Eye Diseases | 3 Common Eye Conditions

Eye doctors, examine patients for a wide variety of possible eye conditions, and diseases. These can range from the extremely rare, to those more commonly observed. In this video let’s examine some of the most common eye diseases, such as cataracts, macular degeneration, and glaucoma.

Cataracts
Cataracts, is an eye condition commonly found in adults 40 years of age or older, impacting approximately 20% of this demographic. This particular eye condition, is usually expressed by the clouding of the natural crystalline lens within the eye. The phenomenon is basically caused by the aging of the protein content in the lens. Some of the symptoms related to cataracts may include sensitivity to light, experiencing blurry or cloudy vision, and increased difficulty seeing at night.

Cataracts can develop due to:
a genetic predisposition.
physical eye injury or trauma.
or due to certain medical disorders such as diabetes.

Depending on the severity of individual cases a person can opt to traet the condition through.
The use if corrective lenses.
special eye drops, to help remove any protein build up on the eye’s natural lens.
or undergo a surgical procedure, to replace the cloudy natural lens, with a clear artificial lens.

Another common disease is, Macular Degeneration.
This eye condition, is defined as the deterioration of the retina, and is the leading cause of vision loss. An individual, with this eye condition, may experience, blurry vision, and loss of the central, or peripheral vision.

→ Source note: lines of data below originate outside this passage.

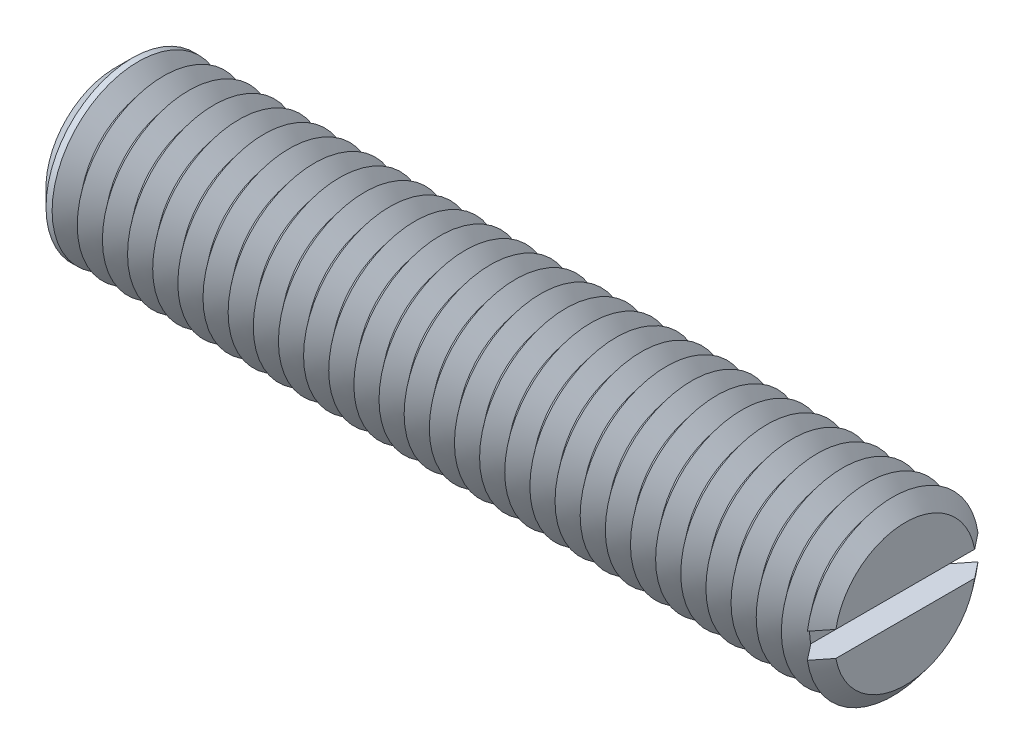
ISO-10303-21;
HEADER;
FILE_DESCRIPTION(('STEP AP214'),'2;1');
FILE_NAME('part.step','',(''),(''),'','','');
FILE_SCHEMA(('AUTOMOTIVE_DESIGN { 1 0 10303 214 1 1 1 1 }'));
ENDSEC;
DATA;
#1=APPLICATION_CONTEXT('core data for automotive mechanical design processes');
#2=APPLICATION_PROTOCOL_DEFINITION('international standard','automotive_design',2000,#1);
#3=PRODUCT_CONTEXT('',#1,'mechanical');
#4=PRODUCT('Part','Part','',(#3));
#5=PRODUCT_RELATED_PRODUCT_CATEGORY('part','',(#4));
#6=PRODUCT_DEFINITION_FORMATION('','',#4);
#7=PRODUCT_DEFINITION_CONTEXT('part definition',#1,'design');
#8=PRODUCT_DEFINITION('design','',#6,#7);
#9=PRODUCT_DEFINITION_SHAPE('','',#8);
#10=(LENGTH_UNIT() NAMED_UNIT(*) SI_UNIT(.MILLI.,.METRE.));
#11=(NAMED_UNIT(*) PLANE_ANGLE_UNIT() SI_UNIT($,.RADIAN.));
#12=(NAMED_UNIT(*) SI_UNIT($,.STERADIAN.) SOLID_ANGLE_UNIT());
#13=UNCERTAINTY_MEASURE_WITH_UNIT(LENGTH_MEASURE(1.E-05),#10,'distance_accuracy_value','');
#14=(GEOMETRIC_REPRESENTATION_CONTEXT(3) GLOBAL_UNCERTAINTY_ASSIGNED_CONTEXT((#13)) GLOBAL_UNIT_ASSIGNED_CONTEXT((#10,
#11,#12)) REPRESENTATION_CONTEXT('',''));
#15=CARTESIAN_POINT('',(0.,0.,0.));
#16=DIRECTION('',(0.,0.,1.));
#17=DIRECTION('',(1.,0.,0.));
#18=AXIS2_PLACEMENT_3D('',#15,#16,#17);
#19=CARTESIAN_POINT('',(26.625,0.,0.));
#20=DIRECTION('',(1.,0.,0.));
#21=DIRECTION('',(0.,0.,-1.));
#22=AXIS2_PLACEMENT_3D('',#19,#20,#21);
#23=CONICAL_SURFACE('',#22,6.,0.895664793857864);
#24=CARTESIAN_POINT('',(26.625,0.,0.));
#25=DIRECTION('',(-1.,0.,0.));
#26=DIRECTION('',(0.,0.,1.));
#27=AXIS2_PLACEMENT_3D('',#24,#25,#26);
#28=CIRCLE('',#27,6.);
#29=CARTESIAN_POINT('',(26.625,-0.875,-5.93585503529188));
#30=VERTEX_POINT('',#29);
#31=CARTESIAN_POINT('',(26.625,-0.875,5.93585503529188));
#32=VERTEX_POINT('',#31);
#33=EDGE_CURVE('E117',#30,#32,#28,.T.);
#34=ORIENTED_EDGE('',*,*,#33,.T.);
#35=CARTESIAN_POINT('',(32.315666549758,-0.875,-13.0784023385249));
#36=CARTESIAN_POINT('',(31.9425848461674,-0.875,-12.6113718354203));
#37=CARTESIAN_POINT('',(31.5695485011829,-0.875,-12.1443050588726));
#38=CARTESIAN_POINT('',(30.8235952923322,-0.875,-11.2100035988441));
#39=CARTESIAN_POINT('',(30.4506784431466,-0.875,-10.7427689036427));
#40=CARTESIAN_POINT('',(29.7043910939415,-0.875,-9.80728158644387));
#41=CARTESIAN_POINT('',(29.3310209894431,-0.875,-9.33902864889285));
#42=CARTESIAN_POINT('',(28.584654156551,-0.875,-8.40229688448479));
#43=CARTESIAN_POINT('',(28.2116573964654,-0.875,-7.93381808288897));
#44=CARTESIAN_POINT('',(27.6431910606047,-0.875,-7.21894008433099));
#45=CARTESIAN_POINT('',(27.4475150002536,-0.875,-6.97270509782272));
#46=CARTESIAN_POINT('',(27.0563780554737,-0.875,-6.48006014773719));
#47=CARTESIAN_POINT('',(26.860917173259,-0.875,-6.23365018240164));
#48=CARTESIAN_POINT('',(26.4702437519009,-0.875,-5.74051596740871));
#49=CARTESIAN_POINT('',(26.2750313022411,-0.875,-5.49379164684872));
#50=CARTESIAN_POINT('',(25.8850627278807,-0.875,-4.99999724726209));
#51=CARTESIAN_POINT('',(25.6903065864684,-0.875,-4.75292718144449));
#52=CARTESIAN_POINT('',(25.3017454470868,-0.875,-4.25854698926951));
#53=CARTESIAN_POINT('',(25.1079395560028,-0.875,-4.01123756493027));
#54=CARTESIAN_POINT('',(24.7214614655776,-0.875,-3.51567639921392));
#55=CARTESIAN_POINT('',(24.5287894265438,-0.875,-3.26742453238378));
#56=CARTESIAN_POINT('',(24.2415141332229,-0.875,-2.89382702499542));
#57=CARTESIAN_POINT('',(24.1460716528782,-0.875,-2.76912721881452));
#58=CARTESIAN_POINT('',(23.9560120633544,-0.875,-2.51908954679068));
#59=CARTESIAN_POINT('',(23.8613949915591,-0.875,-2.39375165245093));
#60=CARTESIAN_POINT('',(23.6734585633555,-0.875,-2.14215479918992));
#61=CARTESIAN_POINT('',(23.5801388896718,-0.875,-2.01589607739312));
#62=CARTESIAN_POINT('',(23.3955738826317,-0.875,-1.7618740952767));
#63=CARTESIAN_POINT('',(23.3043283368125,-0.875,-1.63411099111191));
#64=CARTESIAN_POINT('',(23.1947335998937,-0.875,-1.47575777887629));
#65=CARTESIAN_POINT('',(23.1745750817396,-0.875,-1.44642115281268));
#66=CARTESIAN_POINT('',(23.1344943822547,-0.875,-1.38758643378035));
#67=CARTESIAN_POINT('',(23.1145722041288,-0.875,-1.35808833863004));
#68=CARTESIAN_POINT('',(23.0552118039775,-0.875,-1.26931303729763));
#69=CARTESIAN_POINT('',(23.0161833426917,-0.875,-1.20976002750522));
#70=CARTESIAN_POINT('',(22.939598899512,-0.875,-1.08955604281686));
#71=CARTESIAN_POINT('',(22.9020457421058,-0.875,-1.02890325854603));
#72=CARTESIAN_POINT('',(22.8292052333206,-0.875,-0.9062523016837));
#73=CARTESIAN_POINT('',(22.7939174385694,-0.875,-0.844254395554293));
#74=CARTESIAN_POINT('',(22.7387563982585,-0.875,-0.740802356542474));
#75=CARTESIAN_POINT('',(22.717869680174,-0.875,-0.69989655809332));
#76=CARTESIAN_POINT('',(22.6780353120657,-0.875,-0.617162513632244));
#77=CARTESIAN_POINT('',(22.6590880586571,-0.875,-0.575334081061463));
#78=CARTESIAN_POINT('',(22.606232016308,-0.875,-0.448426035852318));
#79=CARTESIAN_POINT('',(22.5761075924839,-0.875,-0.361569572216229));
#80=CARTESIAN_POINT('',(22.5472166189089,-0.875,-0.240214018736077));
#81=CARTESIAN_POINT('',(22.5406925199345,-0.875,-0.207555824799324));
#82=CARTESIAN_POINT('',(22.5303887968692,-0.875,-0.14181650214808));
#83=CARTESIAN_POINT('',(22.5266076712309,-0.875,-0.108735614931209));
#84=CARTESIAN_POINT('',(22.5220436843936,-0.875,-0.0424543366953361));
#85=CARTESIAN_POINT('',(22.5212526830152,-0.875,-0.00925451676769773));
#86=CARTESIAN_POINT('',(22.522702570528,-0.875,0.0570804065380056));
#87=CARTESIAN_POINT('',(22.5249438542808,-0.875,0.0902155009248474));
#88=CARTESIAN_POINT('',(22.5331880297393,-0.875,0.164063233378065));
#89=CARTESIAN_POINT('',(22.5399634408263,-0.875,0.20468951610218));
#90=CARTESIAN_POINT('',(22.5573167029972,-0.875,0.28512674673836));
#91=CARTESIAN_POINT('',(22.5678973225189,-0.875,0.324937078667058));
#92=CARTESIAN_POINT('',(22.5921930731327,-0.875,0.403898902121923));
#93=CARTESIAN_POINT('',(22.6059311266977,-0.875,0.443043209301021));
#94=CARTESIAN_POINT('',(22.6357974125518,-0.875,0.520385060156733));
#95=CARTESIAN_POINT('',(22.651925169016,-0.875,0.558582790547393));
#96=CARTESIAN_POINT('',(22.7021457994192,-0.875,0.669991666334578));
#97=CARTESIAN_POINT('',(22.7387706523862,-0.875,0.742052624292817));
#98=CARTESIAN_POINT('',(22.816117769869,-0.875,0.883956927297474));
#99=CARTESIAN_POINT('',(22.8568440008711,-0.875,0.953798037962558));
#100=CARTESIAN_POINT('',(22.9409804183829,-0.875,1.09208391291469));
#101=CARTESIAN_POINT('',(22.9843973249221,-0.875,1.16052456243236));
#102=CARTESIAN_POINT('',(23.0729384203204,-0.875,1.29629435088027));
#103=CARTESIAN_POINT('',(23.118062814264,-0.875,1.36362335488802));
#104=CARTESIAN_POINT('',(23.2096565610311,-0.875,1.49772496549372));
#105=CARTESIAN_POINT('',(23.2561302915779,-0.875,1.56449457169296));
#106=CARTESIAN_POINT('',(23.3499281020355,-0.875,1.69744165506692));
#107=CARTESIAN_POINT('',(23.3972522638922,-0.875,1.76361907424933));
#108=CARTESIAN_POINT('',(23.4924358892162,-0.875,1.89539956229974));
#109=CARTESIAN_POINT('',(23.5402941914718,-0.875,1.96100347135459));
#110=CARTESIAN_POINT('',(23.6364816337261,-0.875,2.09186112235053));
#111=CARTESIAN_POINT('',(23.6848107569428,-0.875,2.15711487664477));
#112=CARTESIAN_POINT('',(23.8290907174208,-0.875,2.35079303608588));
#113=CARTESIAN_POINT('',(23.925565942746,-0.875,2.47882657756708));
#114=CARTESIAN_POINT('',(24.1194152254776,-0.875,2.73421191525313));
#115=CARTESIAN_POINT('',(24.216789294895,-0.875,2.86156370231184));
#116=CARTESIAN_POINT('',(24.50981832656,-0.875,3.24294102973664));
#117=CARTESIAN_POINT('',(24.7063709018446,-0.875,3.49627631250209));
#118=CARTESIAN_POINT('',(25.1008478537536,-0.875,4.00219025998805));
#119=CARTESIAN_POINT('',(25.2987731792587,-0.875,4.25476818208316));
#120=CARTESIAN_POINT('',(25.6953507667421,-0.875,4.75934213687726));
#121=CARTESIAN_POINT('',(25.894003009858,-0.875,5.01133818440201));
#122=CARTESIAN_POINT('',(26.2908446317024,-0.875,5.51379367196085));
#123=CARTESIAN_POINT('',(26.4890318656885,-0.875,5.76425480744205));
#124=CARTESIAN_POINT('',(26.8857195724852,-0.875,6.2649316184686));
#125=CARTESIAN_POINT('',(27.0842200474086,-0.875,6.51514729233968));
#126=CARTESIAN_POINT('',(27.6799499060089,-0.875,7.26541710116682));
#127=CARTESIAN_POINT('',(28.0775028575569,-0.875,7.76521426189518));
#128=CARTESIAN_POINT('',(28.794311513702,-0.875,8.66550309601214));
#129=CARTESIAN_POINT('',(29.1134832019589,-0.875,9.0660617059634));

Little is understood, or known about the causes behind this disorder, however, the most important risk factors seem to be:
age related.
race.
genetics.
and smoking.

Although there are currently no treatments available, for macular degeneration, a person can decrease risk by:
following a healthy diet.
exercising.
and not smoking.

The last disease we will discuss is Glaucoma.
Glaucoma is a disease that directly damages the optic nerve. Eye pressure build up, within the eye, is the most common offender in causing the damage.

This eye condition, is very serious, and can cause the loss of:
peripheral vision.
tunnel vision.
deterioration of the central vision.
or even complete blindness.

However, if the condition is diagnosed in time, there are several common treatments that are available, including.
eye drops.
pills.
and surgery.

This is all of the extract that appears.